=== Section Start ===
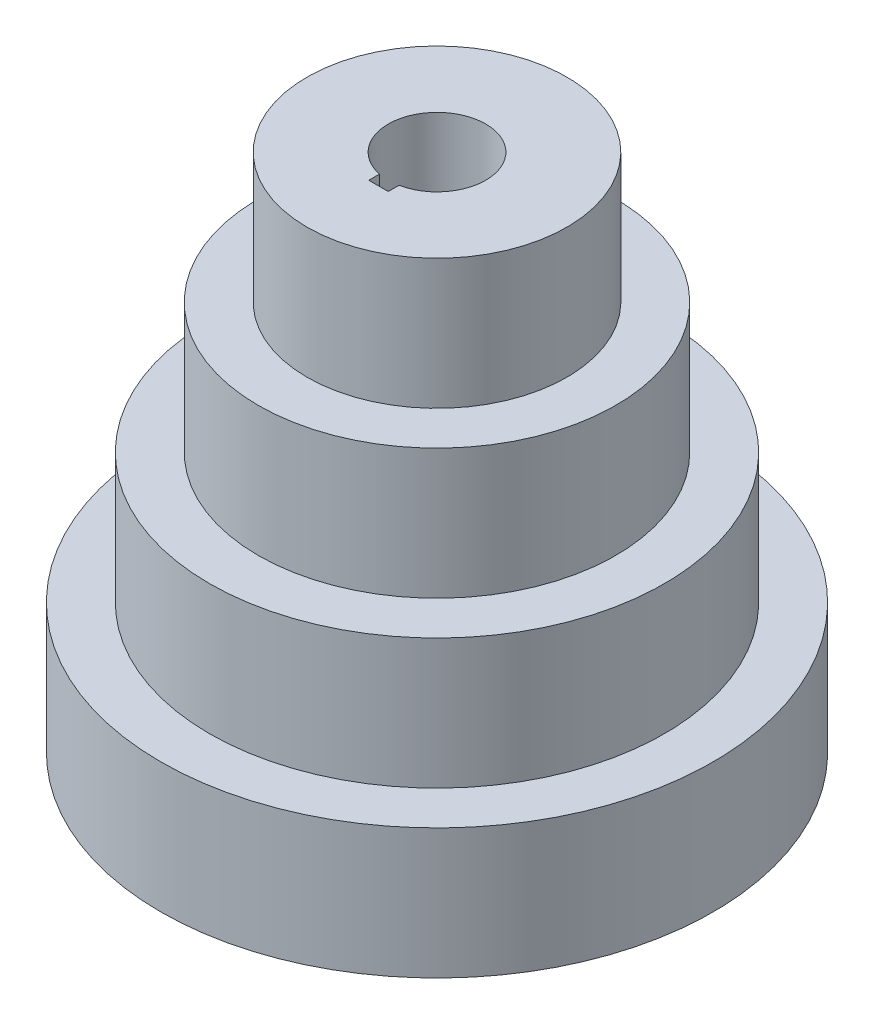
ISO-10303-21;
HEADER;
FILE_DESCRIPTION(('STEP AP214'),'2;1');
FILE_NAME('part.step','',(''),(''),'','','');
FILE_SCHEMA(('AUTOMOTIVE_DESIGN { 1 0 10303 214 1 1 1 1 }'));
ENDSEC;
DATA;
#1=APPLICATION_CONTEXT('core data for automotive mechanical design processes');
#2=APPLICATION_PROTOCOL_DEFINITION('international standard','automotive_design',2000,#1);
#3=PRODUCT_CONTEXT('',#1,'mechanical');
#4=PRODUCT('Part','Part','',(#3));
#5=PRODUCT_RELATED_PRODUCT_CATEGORY('part','',(#4));
#6=PRODUCT_DEFINITION_FORMATION('','',#4);
#7=PRODUCT_DEFINITION_CONTEXT('part definition',#1,'design');
#8=PRODUCT_DEFINITION('design','',#6,#7);
#9=PRODUCT_DEFINITION_SHAPE('','',#8);
#10=(LENGTH_UNIT() NAMED_UNIT(*) SI_UNIT(.MILLI.,.METRE.));
#11=(NAMED_UNIT(*) PLANE_ANGLE_UNIT() SI_UNIT($,.RADIAN.));
#12=(NAMED_UNIT(*) SI_UNIT($,.STERADIAN.) SOLID_ANGLE_UNIT());
#13=UNCERTAINTY_MEASURE_WITH_UNIT(LENGTH_MEASURE(1.E-05),#10,'distance_accuracy_value','');
#14=(GEOMETRIC_REPRESENTATION_CONTEXT(3) GLOBAL_UNCERTAINTY_ASSIGNED_CONTEXT((#13)) GLOBAL_UNIT_ASSIGNED_CONTEXT((#10,
#11,#12)) REPRESENTATION_CONTEXT('',''));
#15=CARTESIAN_POINT('',(0.,0.,0.));
#16=DIRECTION('',(0.,0.,1.));
#17=DIRECTION('',(1.,0.,0.));
#18=AXIS2_PLACEMENT_3D('',#15,#16,#17);
#19=CARTESIAN_POINT('',(0.,0.,0.));
#20=DIRECTION('',(0.,1.,0.));
#21=DIRECTION('',(0.,0.,1.));
#22=AXIS2_PLACEMENT_3D('',#19,#20,#21);
#23=PLANE('',#22);
#24=DIRECTION('',(0.,0.,-1.));
#25=VECTOR('',#24,1.);
#26=CARTESIAN_POINT('',(3.,0.,18.));
#27=LINE('',#26,#25);
#28=CARTESIAN_POINT('',(3.,0.,18.));
#29=VERTEX_POINT('',#28);
#30=CARTESIAN_POINT('',(3.,0.,14.6969384566991));
#31=VERTEX_POINT('',#30);
#32=EDGE_CURVE('E239',#29,#31,#27,.T.);
#33=ORIENTED_EDGE('',*,*,#32,.T.);
#34=CARTESIAN_POINT('',(0.,0.,0.));
#35=DIRECTION('',(0.,1.,0.));
#36=DIRECTION('',(0.,0.,1.));
#37=AXIS2_PLACEMENT_3D('',#34,#35,#36);
#38=CIRCLE('',#37,15.);
#39=CARTESIAN_POINT('',(-3.,0.,14.6969384566991));
#40=VERTEX_POINT('',#39);
#41=EDGE_CURVE('E224',#31,#40,#38,.T.);
#42=ORIENTED_EDGE('',*,*,#41,.T.);
#43=DIRECTION('',(0.,0.,-1.));
#44=VECTOR('',#43,1.);
#45=CARTESIAN_POINT('',(-3.,0.,18.));
#46=LINE('',#45,#44);
#47=CARTESIAN_POINT('',(-3.,0.,18.));
#48=VERTEX_POINT('',#47);
#49=EDGE_CURVE('E236',#48,#40,#46,.T.);
#50=ORIENTED_EDGE('',*,*,#49,.F.);
#51=DIRECTION('',(1.,0.,0.));
#52=VECTOR('',#51,1.);
#53=CARTESIAN_POINT('',(-3.,0.,18.));
#54=LINE('',#53,#52);
#55=EDGE_CURVE('E90',#48,#29,#54,.T.);
#56=ORIENTED_EDGE('',*,*,#55,.T.);
#57=EDGE_LOOP('',(#33,#42,#50,#56));
#58=FACE_BOUND('',#57,.T.);
#59=DIRECTION('',(0.,0.,-1.));
#60=VECTOR('',#59,1.);
#61=CARTESIAN_POINT('',(13.,0.,0.));
#62=LINE('',#61,#60);
#63=CARTESIAN_POINT('',(13.,0.,28.));
#64=VERTEX_POINT('',#63);
#65=CARTESIAN_POINT('',(13.,0.,21.3541565040626));
#66=VERTEX_POINT('',#65);
#67=EDGE_CURVE('E199',#64,#66,#62,.T.);
#68=ORIENTED_EDGE('',*,*,#67,.F.);
#69=DIRECTION('',(1.,0.,0.));
#70=VECTOR('',#69,1.);
#71=CARTESIAN_POINT('',(0.,0.,28.));
#72=LINE('',#71,#70);
#73=CARTESIAN_POINT('',(-13.,0.,28.));
#74=VERTEX_POINT('',#73);
#75=EDGE_CURVE('E191',#74,#64,#72,.T.);
#76=ORIENTED_EDGE('',*,*,#75,.F.);
#77=DIRECTION('',(0.,0.,-1.));
#78=VECTOR('',#77,1.);
#79=CARTESIAN_POINT('',(-13.,0.,0.));
#80=LINE('',#79,#78);
#81=CARTESIAN_POINT('',(-13.,0.,21.3541565040626));
#82=VERTEX_POINT('',#81);
#83=EDGE_CURVE('E82',#74,#82,#80,.T.);
#84=ORIENTED_EDGE('',*,*,#83,.T.);
#85=CARTESIAN_POINT('',(0.,0.,0.));
#86=DIRECTION('',(0.,1.,0.));
#87=DIRECTION('',(0.,0.,1.));
#88=AXIS2_PLACEMENT_3D('',#85,#86,#87);
#89=CIRCLE('',#88,25.);
#90=EDGE_CURVE('E174',#66,#82,#89,.T.);
#91=ORIENTED_EDGE('',*,*,#90,.F.);
#92=EDGE_LOOP('',(#68,#76,#84,#91));
#93=FACE_BOUND('',#92,.T.);
#94=ADVANCED_FACE('F65',(#58,#93),#23,.F.);
#95=CARTESIAN_POINT('',(0.,40.,0.));
#96=DIRECTION('',(0.,-1.,0.));
#97=DIRECTION('',(0.,0.,-1.));
#98=AXIS2_PLACEMENT_3D('',#95,#96,#97);
#99=CYLINDRICAL_SURFACE('',#98,85.);
#100=CARTESIAN_POINT('',(0.,40.,0.));
#101=DIRECTION('',(0.,1.,0.));
#102=DIRECTION('',(0.,0.,1.));
#103=AXIS2_PLACEMENT_3D('',#100,#101,#102);
#104=CIRCLE('',#103,85.);
#105=CARTESIAN_POINT('',(0.,40.,85.));
#106=VERTEX_POINT('',#105);
#107=EDGE_CURVE('E266',#106,#106,#104,.T.);
#108=ORIENTED_EDGE('',*,*,#107,.F.);
#109=EDGE_LOOP('',(#108));
#110=FACE_BOUND('',#109,.T.);
#111=CARTESIAN_POINT('',(0.,0.,0.));
#112=DIRECTION('',(0.,1.,0.));
#113=DIRECTION('',(0.,0.,1.));
#114=AXIS2_PLACEMENT_3D('',#111,#112,#113);
#115=CIRCLE('',#114,85.);
#116=CARTESIAN_POINT('',(0.,0.,85.));
#117=VERTEX_POINT('',#116);
#118=EDGE_CURVE('E69',#117,#117,#115,.T.);
#119=ORIENTED_EDGE('',*,*,#118,.T.);
#120=EDGE_LOOP('',(#119));
#121=FACE_BOUND('',#120,.T.);
#122=ADVANCED_FACE('F67',(#110,#121),#99,.T.);
#123=CARTESIAN_POINT('',(0.,40.,0.));
#124=DIRECTION('',(0.,1.,0.));
#125=DIRECTION('',(0.,0.,1.));
#126=AXIS2_PLACEMENT_3D('',#123,#124,#125);
#127=PLANE('',#126);
#128=CARTESIAN_POINT('',(0.,40.,0.));
#129=DIRECTION('',(0.,1.,0.));
#130=DIRECTION('',(0.,0.,1.));
#131=AXIS2_PLACEMENT_3D('',#128,#129,#130);
#132=CIRCLE('',#131,70.);
#133=CARTESIAN_POINT('',(0.,40.,70.));
#134=VERTEX_POINT('',#133);
#135=EDGE_CURVE('E262',#134,#134,#132,.T.);
#136=ORIENTED_EDGE('',*,*,#135,.F.);
#137=EDGE_LOOP('',(#136));
#138=FACE_BOUND('',#137,.T.);
#139=ORIENTED_EDGE('',*,*,#107,.T.);
#140=EDGE_LOOP('',(#139));
#141=FACE_BOUND('',#140,.T.);
#142=ADVANCED_FACE('F277',(#138,#141),#127,.T.);
#143=CARTESIAN_POINT('',(0.,0.,0.));
#144=DIRECTION('',(0.,1.,0.));
#145=DIRECTION('',(0.,0.,1.));
#146=AXIS2_PLACEMENT_3D('',#143,#144,#145);
#147=CIRCLE('',#146,75.);
#148=CARTESIAN_POINT('',(0.,0.,75.));
#149=VERTEX_POINT('',#148);
#150=EDGE_CURVE('E192',#149,#149,#147,.T.);
#151=ORIENTED_EDGE('',*,*,#150,.T.);
#152=EDGE_LOOP('',(#151));
#153=FACE_BOUND('',#152,.T.);
#154=ORIENTED_EDGE('',*,*,#118,.F.);
#155=EDGE_LOOP('',(#154));
#156=FACE_BOUND('',#155,.T.);
#157=ADVANCED_FACE('F274',(#153,#156),#23,.F.);
#158=CARTESIAN_POINT('',(0.,80.,0.));
#159=DIRECTION('',(0.,-1.,0.));
#160=DIRECTION('',(0.,0.,-1.));
#161=AXIS2_PLACEMENT_3D('',#158,#159,#160);
#162=CYLINDRICAL_SURFACE('',#161,70.);
#163=CARTESIAN_POINT('',(0.,80.,0.));
#164=DIRECTION('',(0.,1.,0.));
#165=DIRECTION('',(0.,0.,1.));
#166=AXIS2_PLACEMENT_3D('',#163,#164,#165);
#167=CIRCLE('',#166,70.);
#168=CARTESIAN_POINT('',(0.,80.,70.));
#169=VERTEX_POINT('',#168);
#170=EDGE_CURVE('E259',#169,#169,#167,.T.);
#171=ORIENTED_EDGE('',*,*,#170,.F.);
#172=EDGE_LOOP('',(#171));
#173=FACE_BOUND('',#172,.T.);
#174=ORIENTED_EDGE('',*,*,#135,.T.);
#175=EDGE_LOOP('',(#174));
#176=FACE_BOUND('',#175,.T.);
#177=ADVANCED_FACE('F276',(#173,#176),#162,.T.);
#178=CARTESIAN_POINT('',(0.,80.,0.));
#179=DIRECTION('',(0.,1.,0.));
#180=DIRECTION('',(0.,0.,1.));
#181=AXIS2_PLACEMENT_3D('',#178,#179,#180);
#182=PLANE('',#181);
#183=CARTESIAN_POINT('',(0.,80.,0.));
=== Section End ===
Make an exact copy of the lines from the top of the material through the line with "#29=VERTEX_POINT('',#28);", pictures excluded.

▶ **ANSWER**
ISO-10303-21;
HEADER;
FILE_DESCRIPTION(('STEP AP214'),'2;1');
FILE_NAME('part.step','',(''),(''),'','','');
FILE_SCHEMA(('AUTOMOTIVE_DESIGN { 1 0 10303 214 1 1 1 1 }'));
ENDSEC;
DATA;
#1=APPLICATION_CONTEXT('core data for automotive mechanical design processes');
#2=APPLICATION_PROTOCOL_DEFINITION('international standard','automotive_design',2000,#1);
#3=PRODUCT_CONTEXT('',#1,'mechanical');
#4=PRODUCT('Part','Part','',(#3));
#5=PRODUCT_RELATED_PRODUCT_CATEGORY('part','',(#4));
#6=PRODUCT_DEFINITION_FORMATION('','',#4);
#7=PRODUCT_DEFINITION_CONTEXT('part definition',#1,'design');
#8=PRODUCT_DEFINITION('design','',#6,#7);
#9=PRODUCT_DEFINITION_SHAPE('','',#8);
#10=(LENGTH_UNIT() NAMED_UNIT(*) SI_UNIT(.MILLI.,.METRE.));
#11=(NAMED_UNIT(*) PLANE_ANGLE_UNIT() SI_UNIT($,.RADIAN.));
#12=(NAMED_UNIT(*) SI_UNIT($,.STERADIAN.) SOLID_ANGLE_UNIT());
#13=UNCERTAINTY_MEASURE_WITH_UNIT(LENGTH_MEASURE(1.E-05),#10,'distance_accuracy_value','');
#14=(GEOMETRIC_REPRESENTATION_CONTEXT(3) GLOBAL_UNCERTAINTY_ASSIGNED_CONTEXT((#13)) GLOBAL_UNIT_ASSIGNED_CONTEXT((#10,
#11,#12)) REPRESENTATION_CONTEXT('',''));
#15=CARTESIAN_POINT('',(0.,0.,0.));
#16=DIRECTION('',(0.,0.,1.));
#17=DIRECTION('',(1.,0.,0.));
#18=AXIS2_PLACEMENT_3D('',#15,#16,#17);
#19=CARTESIAN_POINT('',(0.,0.,0.));
#20=DIRECTION('',(0.,1.,0.));
#21=DIRECTION('',(0.,0.,1.));
#22=AXIS2_PLACEMENT_3D('',#19,#20,#21);
#23=PLANE('',#22);
#24=DIRECTION('',(0.,0.,-1.));
#25=VECTOR('',#24,1.);
#26=CARTESIAN_POINT('',(3.,0.,18.));
#27=LINE('',#26,#25);
#28=CARTESIAN_POINT('',(3.,0.,18.));
#29=VERTEX_POINT('',#28);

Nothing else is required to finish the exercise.